[Material provided]

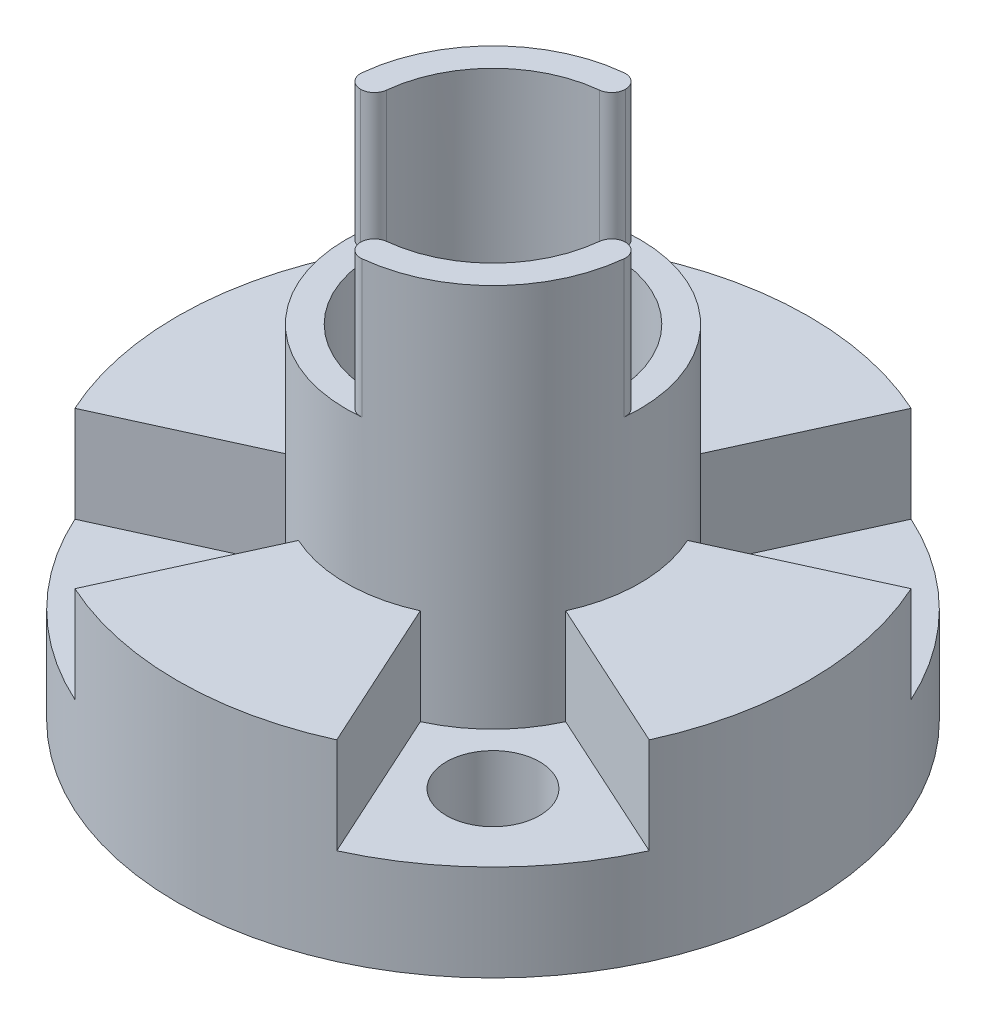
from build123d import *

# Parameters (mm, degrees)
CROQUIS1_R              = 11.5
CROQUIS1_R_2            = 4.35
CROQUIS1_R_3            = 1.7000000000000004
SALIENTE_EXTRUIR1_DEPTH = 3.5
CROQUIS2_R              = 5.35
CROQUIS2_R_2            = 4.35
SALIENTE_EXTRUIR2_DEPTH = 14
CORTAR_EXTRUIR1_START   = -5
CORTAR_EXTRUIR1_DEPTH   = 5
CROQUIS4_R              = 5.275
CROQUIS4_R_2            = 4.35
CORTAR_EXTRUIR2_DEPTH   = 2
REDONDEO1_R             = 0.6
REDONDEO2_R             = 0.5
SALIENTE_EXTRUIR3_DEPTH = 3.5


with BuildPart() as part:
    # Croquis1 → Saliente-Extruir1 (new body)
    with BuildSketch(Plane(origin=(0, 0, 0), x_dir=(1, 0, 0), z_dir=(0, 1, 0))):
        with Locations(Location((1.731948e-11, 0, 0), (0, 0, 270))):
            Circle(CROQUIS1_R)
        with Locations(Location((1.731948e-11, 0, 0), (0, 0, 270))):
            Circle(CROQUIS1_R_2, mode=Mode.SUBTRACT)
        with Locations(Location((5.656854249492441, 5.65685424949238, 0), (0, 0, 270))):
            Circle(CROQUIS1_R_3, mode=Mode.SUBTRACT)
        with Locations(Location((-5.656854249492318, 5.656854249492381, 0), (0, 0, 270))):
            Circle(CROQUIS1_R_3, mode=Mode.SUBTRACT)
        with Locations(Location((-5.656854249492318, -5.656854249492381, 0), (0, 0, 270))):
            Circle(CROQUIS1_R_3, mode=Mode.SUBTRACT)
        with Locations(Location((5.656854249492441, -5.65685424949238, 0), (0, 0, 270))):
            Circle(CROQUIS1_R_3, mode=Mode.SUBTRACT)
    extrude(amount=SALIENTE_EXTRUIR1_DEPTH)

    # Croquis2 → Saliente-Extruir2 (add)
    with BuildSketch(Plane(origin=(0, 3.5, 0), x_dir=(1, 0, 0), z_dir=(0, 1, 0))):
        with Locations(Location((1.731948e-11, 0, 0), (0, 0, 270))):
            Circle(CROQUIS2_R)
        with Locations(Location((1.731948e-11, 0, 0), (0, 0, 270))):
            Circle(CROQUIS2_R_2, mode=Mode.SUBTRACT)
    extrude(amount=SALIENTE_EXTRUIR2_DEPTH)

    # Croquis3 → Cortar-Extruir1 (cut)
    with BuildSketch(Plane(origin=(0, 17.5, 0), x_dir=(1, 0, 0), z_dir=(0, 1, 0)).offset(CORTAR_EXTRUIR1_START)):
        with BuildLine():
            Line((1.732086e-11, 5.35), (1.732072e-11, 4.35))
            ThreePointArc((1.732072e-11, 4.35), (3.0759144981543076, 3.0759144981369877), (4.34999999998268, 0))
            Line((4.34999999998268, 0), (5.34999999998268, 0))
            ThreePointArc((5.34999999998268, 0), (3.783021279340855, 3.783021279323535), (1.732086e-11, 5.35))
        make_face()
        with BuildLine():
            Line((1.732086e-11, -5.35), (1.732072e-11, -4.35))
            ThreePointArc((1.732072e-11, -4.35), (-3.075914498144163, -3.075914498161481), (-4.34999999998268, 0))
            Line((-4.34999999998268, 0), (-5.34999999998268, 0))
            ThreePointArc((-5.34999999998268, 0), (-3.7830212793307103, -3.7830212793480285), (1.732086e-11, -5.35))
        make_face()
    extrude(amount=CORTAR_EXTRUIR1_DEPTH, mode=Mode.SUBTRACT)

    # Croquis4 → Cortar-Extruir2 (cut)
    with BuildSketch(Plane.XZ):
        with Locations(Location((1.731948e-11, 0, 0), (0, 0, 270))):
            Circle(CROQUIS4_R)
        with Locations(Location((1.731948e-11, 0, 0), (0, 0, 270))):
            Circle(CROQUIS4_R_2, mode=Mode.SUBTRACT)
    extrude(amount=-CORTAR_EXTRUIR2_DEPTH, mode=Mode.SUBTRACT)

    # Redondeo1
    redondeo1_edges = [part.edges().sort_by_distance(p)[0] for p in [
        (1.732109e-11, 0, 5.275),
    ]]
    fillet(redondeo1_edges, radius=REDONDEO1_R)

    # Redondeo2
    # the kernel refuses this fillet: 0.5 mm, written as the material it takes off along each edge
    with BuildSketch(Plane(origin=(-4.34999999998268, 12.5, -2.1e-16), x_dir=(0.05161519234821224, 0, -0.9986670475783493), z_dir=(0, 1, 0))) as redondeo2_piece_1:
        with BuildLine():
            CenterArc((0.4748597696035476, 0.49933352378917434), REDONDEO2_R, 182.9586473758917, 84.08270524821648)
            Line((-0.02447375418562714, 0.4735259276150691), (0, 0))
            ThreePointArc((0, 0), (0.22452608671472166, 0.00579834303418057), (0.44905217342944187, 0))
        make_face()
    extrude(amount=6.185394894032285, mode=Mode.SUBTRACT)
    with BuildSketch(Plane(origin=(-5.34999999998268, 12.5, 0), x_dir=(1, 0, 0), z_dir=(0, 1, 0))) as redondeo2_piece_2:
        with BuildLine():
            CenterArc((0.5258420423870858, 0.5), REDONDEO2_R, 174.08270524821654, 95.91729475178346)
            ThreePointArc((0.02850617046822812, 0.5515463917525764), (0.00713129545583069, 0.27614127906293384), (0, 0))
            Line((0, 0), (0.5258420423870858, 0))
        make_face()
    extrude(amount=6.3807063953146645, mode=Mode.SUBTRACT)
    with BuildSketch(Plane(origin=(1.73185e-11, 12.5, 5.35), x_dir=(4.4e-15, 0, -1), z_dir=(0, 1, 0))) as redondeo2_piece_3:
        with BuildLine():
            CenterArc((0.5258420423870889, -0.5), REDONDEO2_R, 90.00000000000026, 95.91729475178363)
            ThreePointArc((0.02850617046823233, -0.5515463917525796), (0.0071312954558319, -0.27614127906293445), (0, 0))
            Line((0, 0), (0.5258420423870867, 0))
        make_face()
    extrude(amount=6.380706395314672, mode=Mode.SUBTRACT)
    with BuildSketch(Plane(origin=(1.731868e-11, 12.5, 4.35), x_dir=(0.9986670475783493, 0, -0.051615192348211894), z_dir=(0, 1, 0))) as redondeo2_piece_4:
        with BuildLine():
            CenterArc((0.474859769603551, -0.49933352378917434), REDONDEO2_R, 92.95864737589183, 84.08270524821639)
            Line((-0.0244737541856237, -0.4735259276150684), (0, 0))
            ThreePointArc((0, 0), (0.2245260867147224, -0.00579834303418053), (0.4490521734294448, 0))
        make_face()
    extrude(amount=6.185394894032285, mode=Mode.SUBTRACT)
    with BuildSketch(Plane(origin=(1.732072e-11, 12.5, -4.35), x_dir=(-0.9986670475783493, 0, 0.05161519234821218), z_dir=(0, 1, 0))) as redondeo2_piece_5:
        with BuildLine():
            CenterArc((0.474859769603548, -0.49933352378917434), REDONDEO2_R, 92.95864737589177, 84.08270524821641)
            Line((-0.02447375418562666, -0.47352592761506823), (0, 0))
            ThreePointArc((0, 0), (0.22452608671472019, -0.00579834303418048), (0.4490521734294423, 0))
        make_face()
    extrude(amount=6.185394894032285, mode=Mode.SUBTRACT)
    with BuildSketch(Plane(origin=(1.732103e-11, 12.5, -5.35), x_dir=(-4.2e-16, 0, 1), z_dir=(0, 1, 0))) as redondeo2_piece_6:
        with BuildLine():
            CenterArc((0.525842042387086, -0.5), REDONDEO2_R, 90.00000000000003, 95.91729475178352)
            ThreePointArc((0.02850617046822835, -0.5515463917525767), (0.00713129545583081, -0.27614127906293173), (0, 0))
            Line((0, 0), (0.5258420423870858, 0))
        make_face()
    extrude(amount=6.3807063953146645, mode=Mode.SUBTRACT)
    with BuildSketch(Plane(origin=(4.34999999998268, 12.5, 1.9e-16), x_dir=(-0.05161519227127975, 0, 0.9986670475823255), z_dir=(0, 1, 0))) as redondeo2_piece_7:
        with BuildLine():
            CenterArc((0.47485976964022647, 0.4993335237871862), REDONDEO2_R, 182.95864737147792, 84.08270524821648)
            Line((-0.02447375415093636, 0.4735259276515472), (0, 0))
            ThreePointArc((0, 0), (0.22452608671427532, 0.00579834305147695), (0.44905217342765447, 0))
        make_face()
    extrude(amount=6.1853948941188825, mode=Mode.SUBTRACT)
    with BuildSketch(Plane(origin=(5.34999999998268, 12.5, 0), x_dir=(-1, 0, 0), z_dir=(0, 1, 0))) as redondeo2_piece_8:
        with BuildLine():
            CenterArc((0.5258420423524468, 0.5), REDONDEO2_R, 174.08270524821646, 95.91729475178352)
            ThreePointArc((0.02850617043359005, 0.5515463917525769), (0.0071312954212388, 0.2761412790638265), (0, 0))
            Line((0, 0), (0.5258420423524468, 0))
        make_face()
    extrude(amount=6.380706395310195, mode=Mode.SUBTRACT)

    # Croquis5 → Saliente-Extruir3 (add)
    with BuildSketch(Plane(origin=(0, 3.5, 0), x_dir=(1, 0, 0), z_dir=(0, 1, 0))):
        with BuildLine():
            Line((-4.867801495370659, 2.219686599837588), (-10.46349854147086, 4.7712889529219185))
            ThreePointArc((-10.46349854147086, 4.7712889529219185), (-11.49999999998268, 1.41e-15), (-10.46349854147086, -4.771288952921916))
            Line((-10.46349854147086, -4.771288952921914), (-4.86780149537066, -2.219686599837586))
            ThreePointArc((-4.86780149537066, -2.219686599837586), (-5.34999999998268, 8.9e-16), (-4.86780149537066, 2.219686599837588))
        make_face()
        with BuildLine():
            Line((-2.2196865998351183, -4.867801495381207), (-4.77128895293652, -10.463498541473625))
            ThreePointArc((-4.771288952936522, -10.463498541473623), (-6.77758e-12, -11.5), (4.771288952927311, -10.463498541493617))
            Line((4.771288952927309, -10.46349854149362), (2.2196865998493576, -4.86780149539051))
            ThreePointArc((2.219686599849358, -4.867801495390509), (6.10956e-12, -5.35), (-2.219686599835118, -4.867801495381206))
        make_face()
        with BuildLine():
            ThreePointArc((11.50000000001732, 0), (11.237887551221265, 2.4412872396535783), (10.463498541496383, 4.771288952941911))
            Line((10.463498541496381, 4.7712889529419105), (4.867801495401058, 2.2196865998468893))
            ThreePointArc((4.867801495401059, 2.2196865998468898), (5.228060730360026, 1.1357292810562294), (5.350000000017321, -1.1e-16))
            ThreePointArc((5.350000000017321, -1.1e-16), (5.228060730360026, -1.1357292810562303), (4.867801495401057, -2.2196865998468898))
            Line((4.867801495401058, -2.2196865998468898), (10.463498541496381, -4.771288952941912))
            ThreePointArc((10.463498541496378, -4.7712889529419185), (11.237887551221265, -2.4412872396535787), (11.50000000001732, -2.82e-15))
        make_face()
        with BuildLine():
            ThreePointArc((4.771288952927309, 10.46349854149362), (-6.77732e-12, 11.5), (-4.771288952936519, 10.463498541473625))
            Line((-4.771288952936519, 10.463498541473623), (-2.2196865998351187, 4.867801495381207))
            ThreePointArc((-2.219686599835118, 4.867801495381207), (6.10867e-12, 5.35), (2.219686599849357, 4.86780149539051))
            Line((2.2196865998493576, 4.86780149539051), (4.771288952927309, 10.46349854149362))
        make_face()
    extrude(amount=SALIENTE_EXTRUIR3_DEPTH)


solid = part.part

[/Material provided]

Your answer should be a single number: the count of lines in the entries that contain the word "part".

Task result: 3